Input for this task below:

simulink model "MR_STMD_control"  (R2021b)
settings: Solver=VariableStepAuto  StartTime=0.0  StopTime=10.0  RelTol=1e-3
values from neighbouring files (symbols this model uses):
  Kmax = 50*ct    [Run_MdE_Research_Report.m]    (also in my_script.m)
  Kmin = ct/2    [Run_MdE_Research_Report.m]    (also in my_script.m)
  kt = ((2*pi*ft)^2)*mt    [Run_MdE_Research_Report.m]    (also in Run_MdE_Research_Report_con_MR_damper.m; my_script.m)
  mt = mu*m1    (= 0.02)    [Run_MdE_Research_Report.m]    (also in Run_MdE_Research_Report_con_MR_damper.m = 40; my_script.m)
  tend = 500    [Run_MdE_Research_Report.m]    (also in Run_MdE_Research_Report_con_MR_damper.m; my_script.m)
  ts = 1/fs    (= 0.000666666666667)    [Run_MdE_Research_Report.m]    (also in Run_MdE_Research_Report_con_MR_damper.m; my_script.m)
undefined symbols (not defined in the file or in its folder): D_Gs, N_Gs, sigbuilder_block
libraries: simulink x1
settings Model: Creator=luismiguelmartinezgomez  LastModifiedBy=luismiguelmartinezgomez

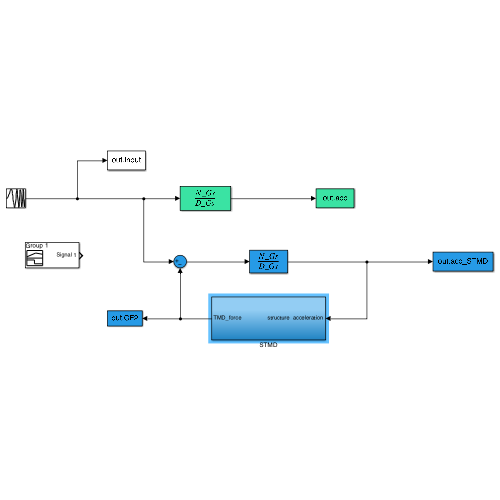
[thumbnail: Simulink's stored preview of the top-level diagram]
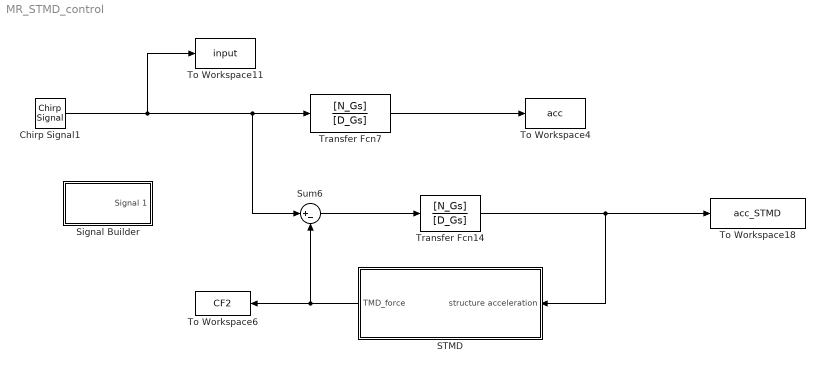
== system MR_STMD_control ==
  Chirp Signal1 : simulink/Sources/Chirp Signal  f1=fmin  T=tend  f2=fmax
  STMD : Subsystem
  Signal Builder : Subsystem  Tag=STV Subsys  LoadFcn=sigbuilder_block('load');  StartFcn=sigbuilder_block('start');  StopFcn=sigbuilder_block('stop');  ClipboardFcn=sigbuilder_block('clipboard');  mask(Sigbuilder block){tuvar=[0:10]}
      mask help: Simulink:masks:SigbuilderBlock_MD
      mask init:
      | if ~strcmp(get_param(bdroot(gcbh),'SimulationStatus'),'stopped') tuvar = sigbuilder_block('maskInit'); end
      settings: CopyFcn=sigbuilder_block('copy');  DeleteFcn=sigbuilder_block('delete');  ModelCloseFcn=sigbuilder_block('modelClose');  PreSaveFcn=sigbuilder_block('preSave');  PauseFcn=sigbuilder_block('pause');  ContinueFcn=sigbuilder_block('continue');  NameChangeFcn=sigbuilder_block('namechange');  OpenFcn=sigbuilder_block('open',[0 0 1440 796 ]);  CloseFcn=sigbuilder_block('close');
      mask Display: plot(0, 0, 100, 100,[2, 2, 32, 32, 2], [68, 8, 8, 68, 68],[32, 2], [38, 38], [32, 19, 2],[53, 60, 44], [32, 17, 17, 2],[16, 16, 31, 31]);txt = getActiveGroup(gcbh);text(2, 100, txt,'verticalAlignment', 'top');
  Sum6 : Sum  Inputs=|+-
  To Workspace11 : ToWorkspace  VariableName=input  SampleTime=ts
  To Workspace18 : ToWorkspace  VariableName=acc_STMD  SampleTime=ts
  To Workspace4 : ToWorkspace  VariableName=acc  SampleTime=ts
  To Workspace6 : ToWorkspace  VariableName=CF2  SampleTime=ts
  Transfer Fcn14 : TransferFcn  Numerator=[N_Gs]  Denominator=[D_Gs]
  Transfer Fcn7 : TransferFcn  Numerator=[N_Gs]  Denominator=[D_Gs]
  wires:
  Transfer Fcn7/1 -> To Workspace4/1
  Transfer Fcn14/1 -> STMD/1(structure acceleration), To Workspace18/1
  Chirp Signal1/1 -> Sum6/1, Transfer Fcn7/1, To Workspace11/1
  Sum6/1 -> Transfer Fcn14/1
  STMD/1(TMD_force) -> To Workspace6/1, Sum6/2

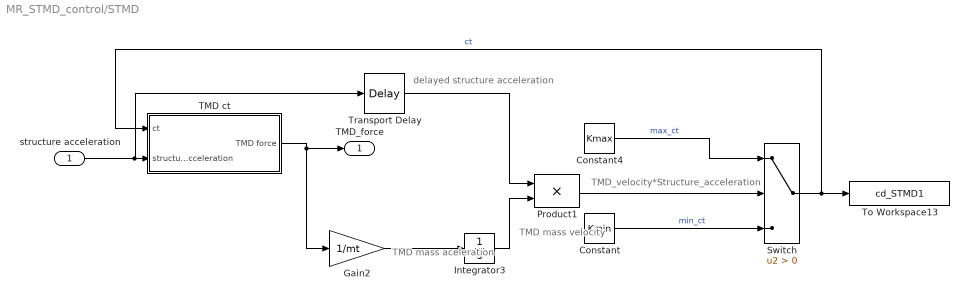
== system MR_STMD_control/STMD ==
  note: delayed structure acceleration
  note: TMD mass
      | aceleration
  note: TMD_velocity*Structure_acceleration
  note: TMD mass
      | velocity
  structure acceleration : Inport
  Constant : Constant  Value=Kmin
  Constant4 : Constant  Value=Kmax
  Gain2 : Gain  Gain=1/mt
  Integrator3 : Integrator
  Product1 : Product  OutDataTypeStr=double  SaturateOnIntegerOverflow=on
  Switch : Switch  Criteria=u2 > Threshold
  TMD ct : Subsystem
  To Workspace13 : ToWorkspace  VariableName=cd_STMD1  SampleTime=ts
  Transport Delay : TransportDelay  DelayTime=ts
  TMD_force : Outport  VectorParamsAs1DForOutWhenUnconnected=off
  wires:
  TMD ct/1(TMD force) -> Gain2/1, TMD_force/1
  Integrator3/1 -> Product1/2
  Switch/1 -> To Workspace13/1, TMD ct/1(ct)  "ct"
  structure acceleration/1 -> Transport Delay/1, TMD ct/2(structure_acceleration)
  Transport Delay/1 -> Product1/1
  Gain2/1 -> Integrator3/1
  Product1/1 -> Switch/2
  Constant4/1 -> Switch/1  "max_ct"
  Constant/1 -> Switch/3  "min_ct"

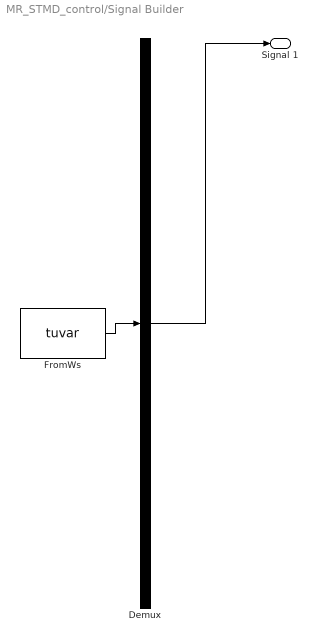
== system MR_STMD_control/Signal Builder ==
  Demux : Demux  Tag=STV Demux  Outputs=1
      settings: DisplayOption=none
  FromWs : FromWorkspace  Tag=STV FromWs  VariableName=tuvar
      SigBuilderData=|
      | common.afterFinalStr = 'Extrapolate'
      | common.sampleTime = 0
      | dataSet.timeRange = [0 10]
      | dataSet.name = 'Group 1'
      | sbobj.Groups.Name = 'Group 1'
      | sbobj.Groups.Signals.Name = 'Signal 1'
      | sbobj.Groups.Signals.XData = [0 4 4 6 6 10]
      | sbobj.Groups.Signals.YData = [0 0 1 1 0 0]
  Signal 1 : Outport  Tag=STV Outport
  wires:
  Demux/1 -> Signal 1/1
  FromWs/1 -> Demux/1

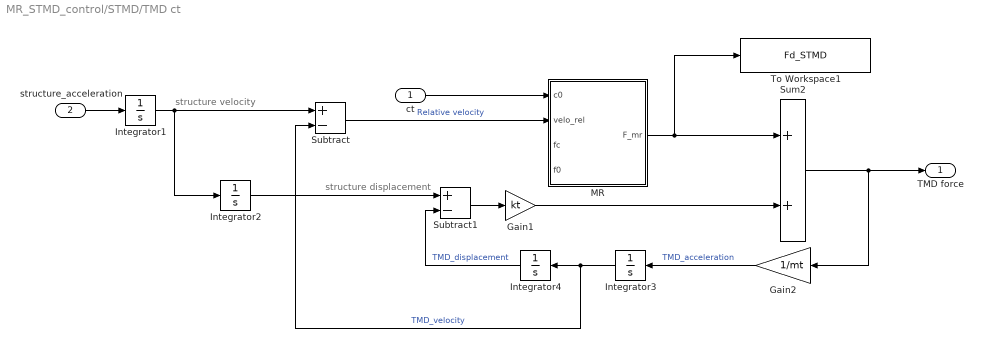
== system MR_STMD_control/STMD/TMD ct ==
  note: structure displacement
  note: structure velocity
  ct : Inport
  structure_acceleration : Inport  Port=2
  Gain1 : Gain  Gain=kt
  Gain2 : Gain  Gain=1/mt
  Integrator{1..4} (4 alike) : Integrator
  MR : Subsystem
  Subtract : Sum  Inputs=+-
  Subtract1 : Sum  Inputs=+-
  Sum2 : Sum
  To Workspace1 : ToWorkspace  VariableName=Fd_STMD  SampleTime=ts
  TMD force : Outport  VectorParamsAs1DForOutWhenUnconnected=off
  wires:
  Integrator1/1 -> Subtract/1, Integrator2/1
  structure_acceleration/1 -> Integrator1/1
  Integrator3/1 -> Subtract/2, Integrator4/1  "TMD_velocity"
  Gain2/1 -> Integrator3/1  "TMD_acceleration"
  Integrator4/1 -> Subtract1/2  "TMD_displacement"
  Integrator2/1 -> Subtract1/1
  Subtract1/1 -> Gain1/1
  Sum2/1 -> TMD force/1, Gain2/1
  ct/1 -> MR/1(c0)
  Subtract/1 -> MR/2(velo_rel)  "Relative velocity"
  MR/1(F_mr) -> To Workspace1/1, Sum2/1
  Gain1/1 -> Sum2/2

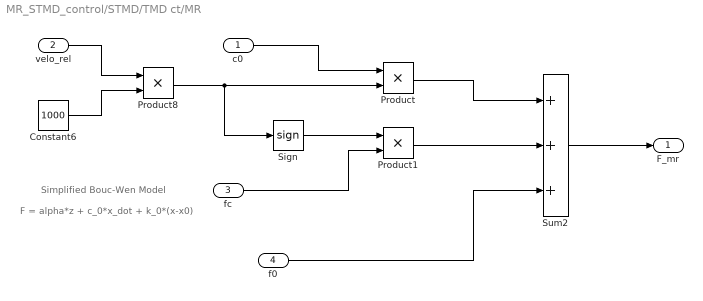
== system MR_STMD_control/STMD/TMD ct/MR ==
  note: Simplified Bouc-Wen Model
  note: F = alpha*z + c_0*x_dot + k_0*(x-x0)
  c0 : Inport
  velo_rel : Inport  Port=2
  "fc " : Inport  Port=3
  f0 : Inport  Port=4
  Constant6 : Constant  Value=1000
  Product : Product
  Product1 : Product
  Product8 : Product
  Sign : Signum
  Sum2 : Sum  Inputs=+++
  F_mr : Outport  VectorParamsAs1DForOutWhenUnconnected=off
  wires:
  velo_rel/1 -> Product8/1
  Constant6/1 -> Product8/2
  c0/1 -> Product/1
  Sum2/1 -> F_mr/1
  Product1/1 -> Sum2/2
  Product/1 -> Sum2/1
  Product8/1 -> Sign/1, Product/2
  "fc "/1 -> Product1/2
  Sign/1 -> Product1/1
  f0/1 -> Sum2/3

End of Input for this task.

**What needs to be done:** Reproduce word for word, with pictures dropped, only the part of the material above that opens with the line containing "Integrator4/1 -> Subtract1/2" and closes with the line containing "note: Simplified Bouc-Wen Model".

**Exercise answer:**
  Integrator4/1 -> Subtract1/2  "TMD_displacement"
  Integrator2/1 -> Subtract1/1
  Subtract1/1 -> Gain1/1
  Sum2/1 -> TMD force/1, Gain2/1
  ct/1 -> MR/1(c0)
  Subtract/1 -> MR/2(velo_rel)  "Relative velocity"
  MR/1(F_mr) -> To Workspace1/1, Sum2/1
  Gain1/1 -> Sum2/2

== system MR_STMD_control/STMD/TMD ct/MR ==
  note: Simplified Bouc-Wen Model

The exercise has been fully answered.